We assume that not the tracheostomy per se is responsible for mortality.
However, we do believe that it is not implausible to consider a link
between a complicated postoperative course to mortality. We report the
findings of our study, which tracheostomy time were found to be
statistically significant regarding the long-term mortality. In
addition, it is necessary to remember that we are talking only about a
small, very specific group of patients with tracheostomy, and not about
all patients.
In contrary, a randomized trial by Trouillet et
al .12 compare immediate early percutaneous
tracheotomy or prolonged intubation with tracheotomy 15 days after
randomization and concluded that early tracheostomy provided no benefit
in terms of mortality or infectious complications.
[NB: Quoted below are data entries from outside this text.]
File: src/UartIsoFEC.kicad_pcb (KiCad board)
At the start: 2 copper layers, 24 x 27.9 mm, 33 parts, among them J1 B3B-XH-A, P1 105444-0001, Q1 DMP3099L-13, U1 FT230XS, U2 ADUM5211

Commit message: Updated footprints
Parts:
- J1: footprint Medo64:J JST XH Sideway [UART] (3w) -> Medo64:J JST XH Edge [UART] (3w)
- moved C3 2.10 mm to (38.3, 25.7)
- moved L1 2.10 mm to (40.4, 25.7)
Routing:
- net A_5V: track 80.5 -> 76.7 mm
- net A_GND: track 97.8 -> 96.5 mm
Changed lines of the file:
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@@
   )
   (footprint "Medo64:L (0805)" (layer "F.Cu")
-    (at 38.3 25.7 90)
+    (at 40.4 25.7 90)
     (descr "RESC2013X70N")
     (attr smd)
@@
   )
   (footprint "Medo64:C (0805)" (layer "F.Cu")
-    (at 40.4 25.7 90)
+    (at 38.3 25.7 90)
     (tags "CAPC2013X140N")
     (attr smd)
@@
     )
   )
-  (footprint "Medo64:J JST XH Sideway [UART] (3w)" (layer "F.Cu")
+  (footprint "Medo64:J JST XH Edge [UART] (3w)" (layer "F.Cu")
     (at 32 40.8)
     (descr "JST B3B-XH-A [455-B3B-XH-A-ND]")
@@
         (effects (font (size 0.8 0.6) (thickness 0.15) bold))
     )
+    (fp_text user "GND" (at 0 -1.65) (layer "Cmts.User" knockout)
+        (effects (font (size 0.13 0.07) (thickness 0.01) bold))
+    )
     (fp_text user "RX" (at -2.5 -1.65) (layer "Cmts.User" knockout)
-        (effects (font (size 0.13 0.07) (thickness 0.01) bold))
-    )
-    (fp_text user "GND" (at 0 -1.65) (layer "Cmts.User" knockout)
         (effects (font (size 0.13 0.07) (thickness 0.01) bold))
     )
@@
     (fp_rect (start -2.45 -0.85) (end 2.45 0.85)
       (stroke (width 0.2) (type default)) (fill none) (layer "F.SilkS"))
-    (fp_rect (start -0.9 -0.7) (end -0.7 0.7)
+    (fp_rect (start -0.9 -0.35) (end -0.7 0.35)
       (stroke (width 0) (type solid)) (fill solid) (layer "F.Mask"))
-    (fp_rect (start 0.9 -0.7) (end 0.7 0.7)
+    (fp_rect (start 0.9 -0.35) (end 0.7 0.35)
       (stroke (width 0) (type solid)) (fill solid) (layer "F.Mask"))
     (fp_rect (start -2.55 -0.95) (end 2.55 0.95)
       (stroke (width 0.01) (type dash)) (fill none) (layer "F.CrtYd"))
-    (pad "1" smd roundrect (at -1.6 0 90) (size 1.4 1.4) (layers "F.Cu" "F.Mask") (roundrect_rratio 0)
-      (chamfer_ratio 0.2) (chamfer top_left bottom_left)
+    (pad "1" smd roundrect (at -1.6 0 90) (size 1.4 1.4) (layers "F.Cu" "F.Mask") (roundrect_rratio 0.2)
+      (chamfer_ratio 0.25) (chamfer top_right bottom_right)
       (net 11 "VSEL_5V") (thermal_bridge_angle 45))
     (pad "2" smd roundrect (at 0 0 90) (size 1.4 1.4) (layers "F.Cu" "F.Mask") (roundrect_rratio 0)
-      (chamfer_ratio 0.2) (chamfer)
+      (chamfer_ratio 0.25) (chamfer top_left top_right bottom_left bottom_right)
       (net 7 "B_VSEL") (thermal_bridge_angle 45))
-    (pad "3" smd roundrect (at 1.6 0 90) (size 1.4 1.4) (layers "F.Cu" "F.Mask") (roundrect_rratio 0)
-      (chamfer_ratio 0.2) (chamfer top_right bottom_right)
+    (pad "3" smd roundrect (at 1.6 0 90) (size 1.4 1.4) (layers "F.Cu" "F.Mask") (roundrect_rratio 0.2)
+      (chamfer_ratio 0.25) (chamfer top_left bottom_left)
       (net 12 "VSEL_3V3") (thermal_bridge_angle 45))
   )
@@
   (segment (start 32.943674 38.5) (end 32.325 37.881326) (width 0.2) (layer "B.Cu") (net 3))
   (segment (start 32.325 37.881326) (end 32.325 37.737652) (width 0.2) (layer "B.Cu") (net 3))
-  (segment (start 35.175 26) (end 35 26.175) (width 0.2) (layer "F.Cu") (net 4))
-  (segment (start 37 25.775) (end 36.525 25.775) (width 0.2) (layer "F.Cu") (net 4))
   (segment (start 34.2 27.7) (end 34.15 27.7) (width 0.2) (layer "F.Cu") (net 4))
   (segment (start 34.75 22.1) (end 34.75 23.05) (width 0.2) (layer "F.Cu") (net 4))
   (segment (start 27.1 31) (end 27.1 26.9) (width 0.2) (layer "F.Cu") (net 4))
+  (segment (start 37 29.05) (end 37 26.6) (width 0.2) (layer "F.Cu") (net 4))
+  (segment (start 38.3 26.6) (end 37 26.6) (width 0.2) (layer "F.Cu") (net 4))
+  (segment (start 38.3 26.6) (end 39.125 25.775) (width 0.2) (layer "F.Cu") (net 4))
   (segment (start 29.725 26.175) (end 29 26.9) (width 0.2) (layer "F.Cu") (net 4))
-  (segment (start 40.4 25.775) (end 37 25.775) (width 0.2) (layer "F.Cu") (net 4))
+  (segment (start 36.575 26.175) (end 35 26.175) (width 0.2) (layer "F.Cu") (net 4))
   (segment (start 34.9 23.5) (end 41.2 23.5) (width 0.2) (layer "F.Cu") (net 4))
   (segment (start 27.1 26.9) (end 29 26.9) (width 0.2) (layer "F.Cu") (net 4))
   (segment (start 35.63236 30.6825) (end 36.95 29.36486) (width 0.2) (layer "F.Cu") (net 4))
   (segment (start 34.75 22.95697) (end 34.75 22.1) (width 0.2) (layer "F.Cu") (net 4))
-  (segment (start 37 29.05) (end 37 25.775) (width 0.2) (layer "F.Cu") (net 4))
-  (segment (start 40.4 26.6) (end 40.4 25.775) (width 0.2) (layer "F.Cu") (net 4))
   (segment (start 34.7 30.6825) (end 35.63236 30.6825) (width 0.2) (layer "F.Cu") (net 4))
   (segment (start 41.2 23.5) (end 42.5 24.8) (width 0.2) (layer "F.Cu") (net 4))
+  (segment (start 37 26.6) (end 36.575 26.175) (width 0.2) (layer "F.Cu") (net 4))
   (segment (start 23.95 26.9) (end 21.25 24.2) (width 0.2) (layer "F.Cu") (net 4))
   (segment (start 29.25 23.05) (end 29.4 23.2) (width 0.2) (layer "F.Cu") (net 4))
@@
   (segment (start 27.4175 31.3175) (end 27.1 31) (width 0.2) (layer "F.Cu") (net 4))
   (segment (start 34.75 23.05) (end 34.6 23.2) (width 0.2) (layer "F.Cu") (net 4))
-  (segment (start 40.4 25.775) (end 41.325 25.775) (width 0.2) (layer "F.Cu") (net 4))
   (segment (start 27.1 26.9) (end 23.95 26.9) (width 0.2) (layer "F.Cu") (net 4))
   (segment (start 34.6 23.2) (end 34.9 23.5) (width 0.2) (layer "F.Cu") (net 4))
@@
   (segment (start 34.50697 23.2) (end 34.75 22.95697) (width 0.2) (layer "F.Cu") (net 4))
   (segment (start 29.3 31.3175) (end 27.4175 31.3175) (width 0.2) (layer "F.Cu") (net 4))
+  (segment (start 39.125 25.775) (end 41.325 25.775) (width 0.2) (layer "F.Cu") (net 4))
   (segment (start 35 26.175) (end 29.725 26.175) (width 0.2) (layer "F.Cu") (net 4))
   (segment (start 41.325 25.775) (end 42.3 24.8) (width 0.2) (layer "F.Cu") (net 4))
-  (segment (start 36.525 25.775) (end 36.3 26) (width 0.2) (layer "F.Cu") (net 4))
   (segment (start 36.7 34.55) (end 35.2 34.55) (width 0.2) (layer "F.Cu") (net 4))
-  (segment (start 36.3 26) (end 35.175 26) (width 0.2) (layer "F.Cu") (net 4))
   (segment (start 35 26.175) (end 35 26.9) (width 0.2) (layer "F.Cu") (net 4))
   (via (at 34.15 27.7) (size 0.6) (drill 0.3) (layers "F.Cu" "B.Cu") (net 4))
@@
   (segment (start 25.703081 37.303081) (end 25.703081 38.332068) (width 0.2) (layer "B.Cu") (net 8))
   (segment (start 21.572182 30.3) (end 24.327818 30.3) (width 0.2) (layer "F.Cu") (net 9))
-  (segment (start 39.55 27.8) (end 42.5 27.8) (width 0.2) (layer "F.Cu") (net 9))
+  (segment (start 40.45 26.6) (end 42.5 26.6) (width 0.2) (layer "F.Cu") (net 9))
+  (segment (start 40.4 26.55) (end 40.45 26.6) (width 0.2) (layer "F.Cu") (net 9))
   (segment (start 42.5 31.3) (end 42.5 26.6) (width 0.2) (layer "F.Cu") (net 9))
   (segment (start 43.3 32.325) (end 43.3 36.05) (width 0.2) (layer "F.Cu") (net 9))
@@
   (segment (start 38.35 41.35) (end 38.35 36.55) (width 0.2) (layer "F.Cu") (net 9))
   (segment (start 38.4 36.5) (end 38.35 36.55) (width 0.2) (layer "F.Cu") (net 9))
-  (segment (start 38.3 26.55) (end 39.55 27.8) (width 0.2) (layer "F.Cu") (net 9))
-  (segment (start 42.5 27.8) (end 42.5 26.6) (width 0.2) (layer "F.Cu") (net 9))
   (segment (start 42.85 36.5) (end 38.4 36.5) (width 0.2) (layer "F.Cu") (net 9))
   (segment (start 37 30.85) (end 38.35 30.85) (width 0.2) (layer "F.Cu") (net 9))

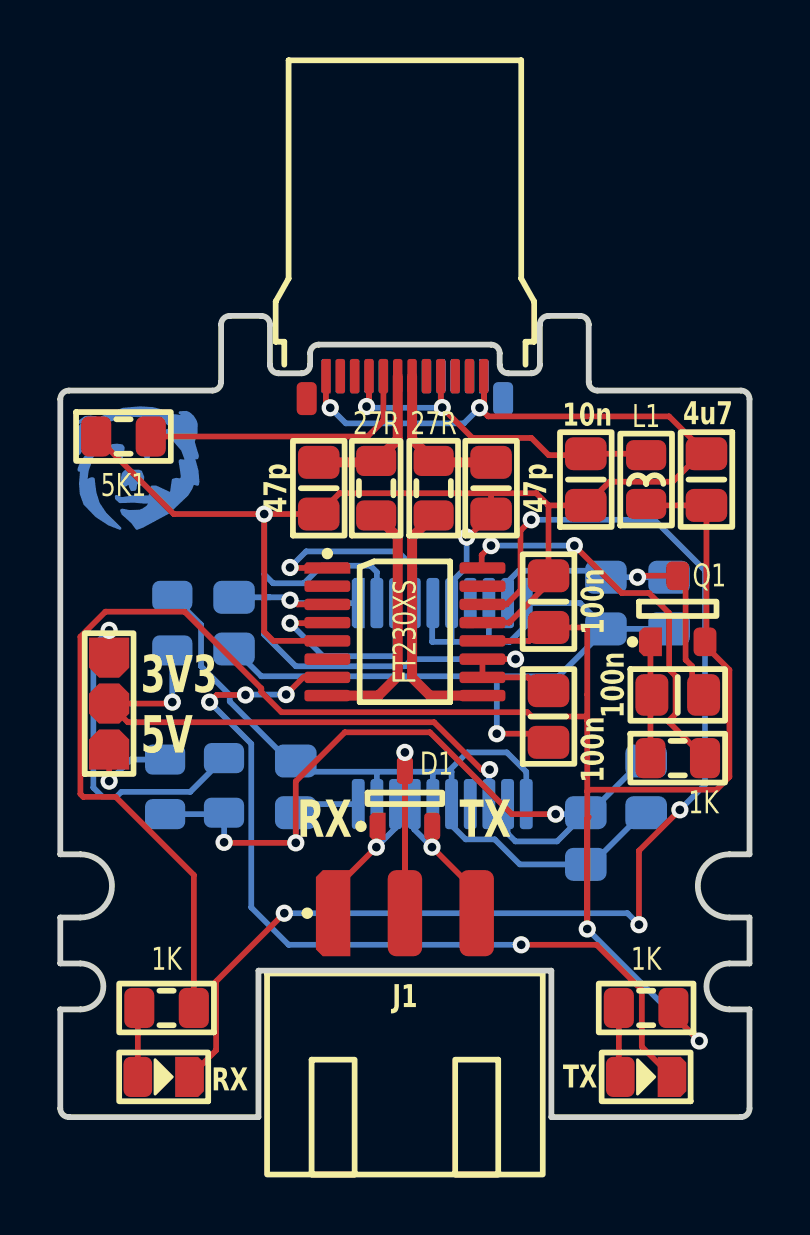
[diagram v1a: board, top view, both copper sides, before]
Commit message: Rotated CC resistor
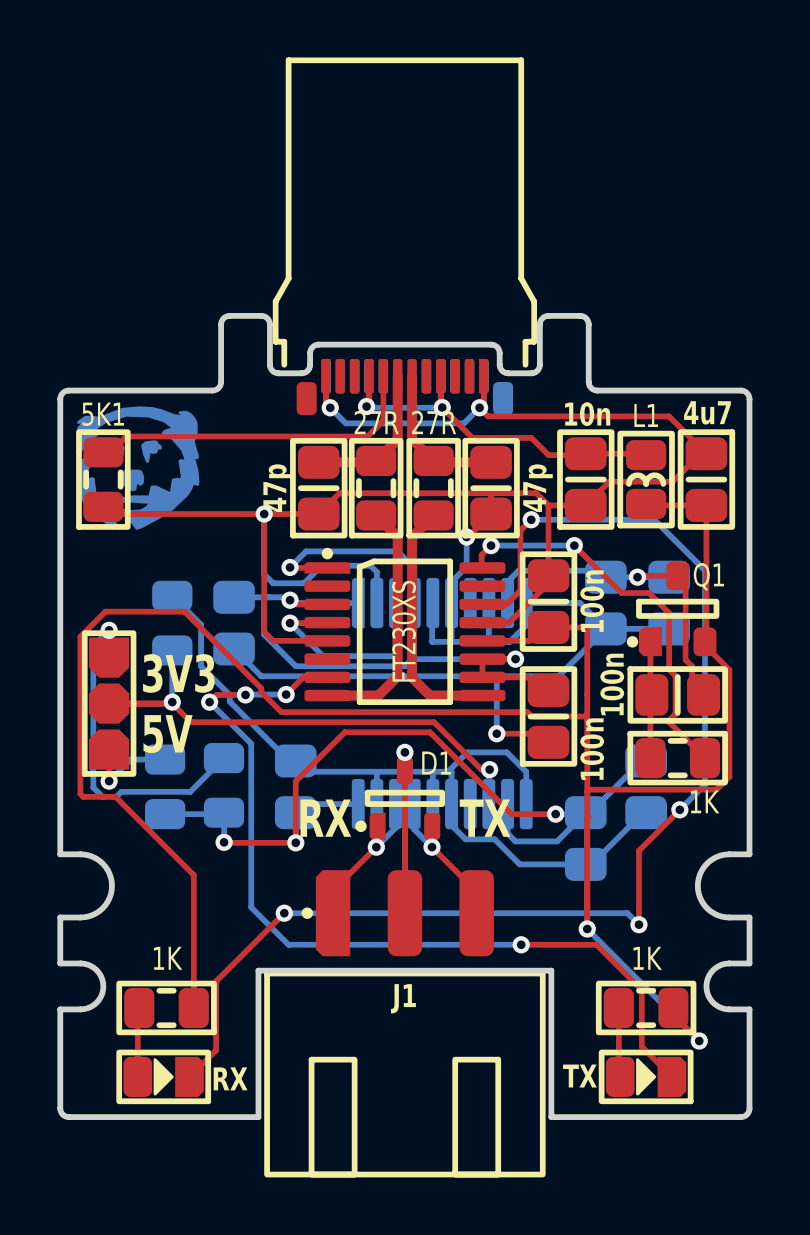
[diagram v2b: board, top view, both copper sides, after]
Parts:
- moved R6 1.66 mm to (21.5, 25.7), turned to 90 degrees
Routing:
- net A_CC: track 9.88 -> 11.5 mm
- net A_GND: track 96.5 -> 94.9 mm
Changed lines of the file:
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@@
   )
   (footprint "Medo64:R (0805)" (layer "F.Cu")
-    (at 22.2 24.2)
+    (at 21.5 25.7 90)
     (tags "RESC2013X70N")
     (attr smd)
-    (fp_text reference "R6" (at 0 -1.6) (layer "F.SilkS") hide
+    (fp_text reference "R6" (at 0 -1.6 90) (layer "F.SilkS") hide
         (effects (font (size 0.8 0.6) (thickness 0.15)))
     )
-    (fp_text value "5K1" (at 0 1.7) (layer "F.SilkS")
+    (fp_text value "5K1" (at 2.25 0 180) (layer "F.SilkS")
         (effects (font (size 0.8 0.6) (thickness 0.15)))
     )
@@
     (fp_rect (start -1 -0.625) (end 1 0.625)
       (stroke (width 0.01) (type dash_dot)) (fill none) (layer "F.Fab"))
-    (pad "1" smd roundrect (at -0.95 0) (size 1.05 1.4) (layers "F.Cu" "F.Paste" "F.Mask") (roundrect_rratio 0.25)
+    (pad "1" smd roundrect (at -0.95 0 90) (size 1.05 1.4) (layers "F.Cu" "F.Paste" "F.Mask") (roundrect_rratio 0.25)
       (net 4 "A_GND") (thermal_bridge_angle 45))
-    (pad "2" smd roundrect (at 0.95 0) (size 1.05 1.4) (layers "F.Cu" "F.Paste" "F.Mask") (roundrect_rratio 0.25)
+    (pad "2" smd roundrect (at 0.95 0 90) (size 1.05 1.4) (layers "F.Cu" "F.Paste" "F.Mask") (roundrect_rratio 0.25)
       (net 16 "A_CC") (thermal_bridge_angle 45))
     (model ":KICAD7_3DMODEL_DIR:Resistor_SMD.3dshapes/R_0805_2012Metric.step"
@@
   (segment (start 41.2 23.5) (end 42.5 24.8) (width 0.2) (layer "F.Cu") (net 4))
   (segment (start 37 26.6) (end 36.575 26.175) (width 0.2) (layer "F.Cu") (net 4))
-  (segment (start 23.95 26.9) (end 21.25 24.2) (width 0.2) (layer "F.Cu") (net 4))
   (segment (start 29.25 23.05) (end 29.4 23.2) (width 0.2) (layer "F.Cu") (net 4))
   (segment (start 35 26.9) (end 34.2 27.7) (width 0.2) (layer "F.Cu") (net 4))
   (segment (start 27.4175 31.3175) (end 27.1 31) (width 0.2) (layer "F.Cu") (net 4))
   (segment (start 34.75 23.05) (end 34.6 23.2) (width 0.2) (layer "F.Cu") (net 4))
-  (segment (start 27.1 26.9) (end 23.95 26.9) (width 0.2) (layer "F.Cu") (net 4))
   (segment (start 34.6 23.2) (end 34.9 23.5) (width 0.2) (layer "F.Cu") (net 4))
   (segment (start 29.25 22.1) (end 29.25 23.05) (width 0.2) (layer "F.Cu") (net 4))
@@
   (segment (start 41.325 25.775) (end 42.3 24.8) (width 0.2) (layer "F.Cu") (net 4))
   (segment (start 36.7 34.55) (end 35.2 34.55) (width 0.2) (layer "F.Cu") (net 4))
+  (segment (start 27.1 26.9) (end 21.75 26.9) (width 0.2) (layer "F.Cu") (net 4))
   (segment (start 35 26.175) (end 35 26.9) (width 0.2) (layer "F.Cu") (net 4))
   (via (at 34.15 27.7) (size 0.6) (drill 0.3) (layers "F.Cu" "B.Cu") (net 4))
@@
   (segment (start 32.25 24.3) (end 33 25.05) (width 0.35) (layer "F.Cu") (net 6))
   (segment (start 35 25.1) (end 33.05 25.1) (width 0.35) (layer "F.Cu") (net 6))
-  (segment (start 21.7 33.5) (end 22.35 34.15) (width 0.2) (layer "F.Cu") (net 7))
-  (segment (start 22.35 34.15) (end 33.017156 34.15) (width 0.2) (layer "F.Cu") (net 7))
+  (segment (start 23.9 33.5) (end 24.55 34.15) (width 0.2) (layer "F.Cu") (net 7))
+  (segment (start 21.7 33.5) (end 23.9 33.5) (width 0.2) (layer "F.Cu") (net 7))
+  (segment (start 33.017156 34.15) (end 34.667156 35.8) (width 0.2) (layer "F.Cu") (net 7))
   (segment (start 23.9 33.45) (end 23.85 33.5) (width 0.2) (layer "F.Cu") (net 7))
-  (segment (start 33.017156 34.15) (end 34.667156 35.8) (width 0.2) (layer "F.Cu") (net 7))
+  (segment (start 24.55 34.15) (end 33.017156 34.15) (width 0.2) (layer "F.Cu") (net 7))
   (segment (start 34.667156 35.8) (end 34.95 35.8) (width 0.2) (layer "F.Cu") (net 7))
   (segment (start 23.85 33.5) (end 21.7 33.5) (width 0.2) (layer "F.Cu") (net 7))
@@
   (segment (start 21.572182 30.3) (end 24.327818 30.3) (width 0.2) (layer "F.Cu") (net 9))
   (segment (start 40.45 26.6) (end 42.5 26.6) (width 0.2) (layer "F.Cu") (net 9))
-  (segment (start 40.4 26.55) (end 40.45 26.6) (width 0.2) (layer "F.Cu") (net 9))
   (segment (start 42.5 31.3) (end 42.5 26.6) (width 0.2) (layer "F.Cu") (net 9))
   (segment (start 43.3 32.325) (end 43.3 36.05) (width 0.2) (layer "F.Cu") (net 9))
@@
   (segment (start 32.25 32.6) (end 32.25 27.7) (width 0.35) (layer "F.Cu") (net 15))
   (segment (start 31.25 23.65) (end 30.7 24.2) (width 0.2) (layer "F.Cu") (net 16))
-  (segment (start 30.7 24.2) (end 23.15 24.2) (width 0.2) (layer "F.Cu") (net 16))
   (segment (start 31.25 22.1) (end 31.25 23.65) (width 0.2) (layer "F.Cu") (net 16))
+  (segment (start 30.7 24.2) (end 22.3 24.2) (width 0.2) (layer "F.Cu") (net 16))
+  (segment (start 22.3 24.2) (end 21.75 24.75) (width 0.2) (layer "F.Cu") (net 16))
   (segment (start 28.01682 28.7775) (end 28 28.76068) (width 0.2) (layer "F.Cu") (net 17))
   (segment (start 29.3 28.7775) (end 28.01682 28.7775) (width 0.2) (layer "F.Cu") (net 17))

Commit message: Updated net names
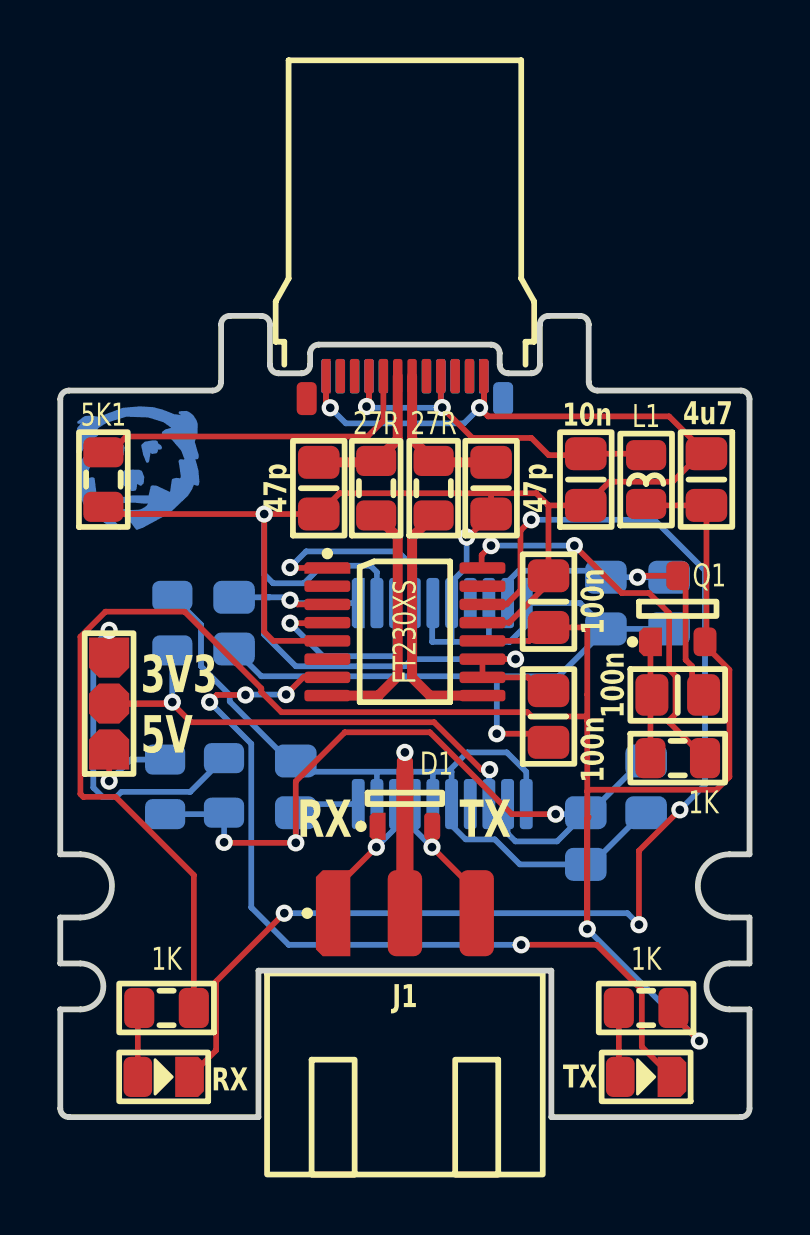
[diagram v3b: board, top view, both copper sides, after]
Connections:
- net A_3V3 renamed 3V3
- net A_5V renamed 5V
- net A_5V_SWITCHED renamed 5V_SWITCHED
- net A_CC renamed USB_CC
- net A_DM renamed USB_DM
- net A_DM' renamed USB_DM'
- net A_DP renamed USB_DP
- net A_DP' renamed USB_DP'
- net A_GND renamed GND
- net A_LED_RX renamed LED_RX
- net A_LED_RX' renamed LED_RX'
- net A_LED_TX renamed LED_TX
- net A_LED_TX' renamed LED_TX'
- net A_RXD renamed RX
- net A_TXD renamed TX
- net A_Vusb renamed USB_V+
- net B_GND renamed ISO_GND
- net B_RX renamed ISO_RX
- net B_TX renamed ISO_TX
- net B_VISO renamed ISO_V+
- net B_VSEL renamed ISO_V_SELECT
- net PWREN_NEG renamed PWREN#
- net PWREN_NEG' renamed PWREN#'
- net VSEL_3V3 renamed ISO_V_SELECT_3V3
- net VSEL_5V renamed ISO_V_SELECT_5V
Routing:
- net ISO_GND: track 39.5 -> 34.3 mm

Overall, the survival rate for patients undergoing tracheostomy after
cardiac surgery remains low. Ben-Avi et al .1described a 1- and 2-year survival rate of 34% and 32%, respectively.
Similar results reported Ballotta et al .26. In
this study the hospital mortality rate was 49%, survival rate for
patients discharged from the hospital was 61% at 1 year, 49% at 2
years, 45% at 3 years, and 34% at 5 years. Krebs et
al .11 reported, that tracheostomy patients had high
short-term and long-term mortality, with a median survival of 6 months,
1-year survival of 41%, and 5-year survival of 29.1%. Affrontiet al .15 reported 1- and 2-year survival of
43.8% and 35.7% respectively, and Walts et
al .27 described 30 days and 2 years survival 75% and
31% respectively.
The 407 patients in the present study represent the single-center cohort
of post-cardiac surgical patients undergoing tracheostomy. The
short-term mortality results reported here correlate with previously
documented data. However, unlike previous studies, this study
demonstrates a significant mid and long term survival benefit associated
with earlier tracheostomy. These results, in conjunction with the other
advantageous aspects of early tracheostomy suggest that earlier is
better when a tracheostomy is required.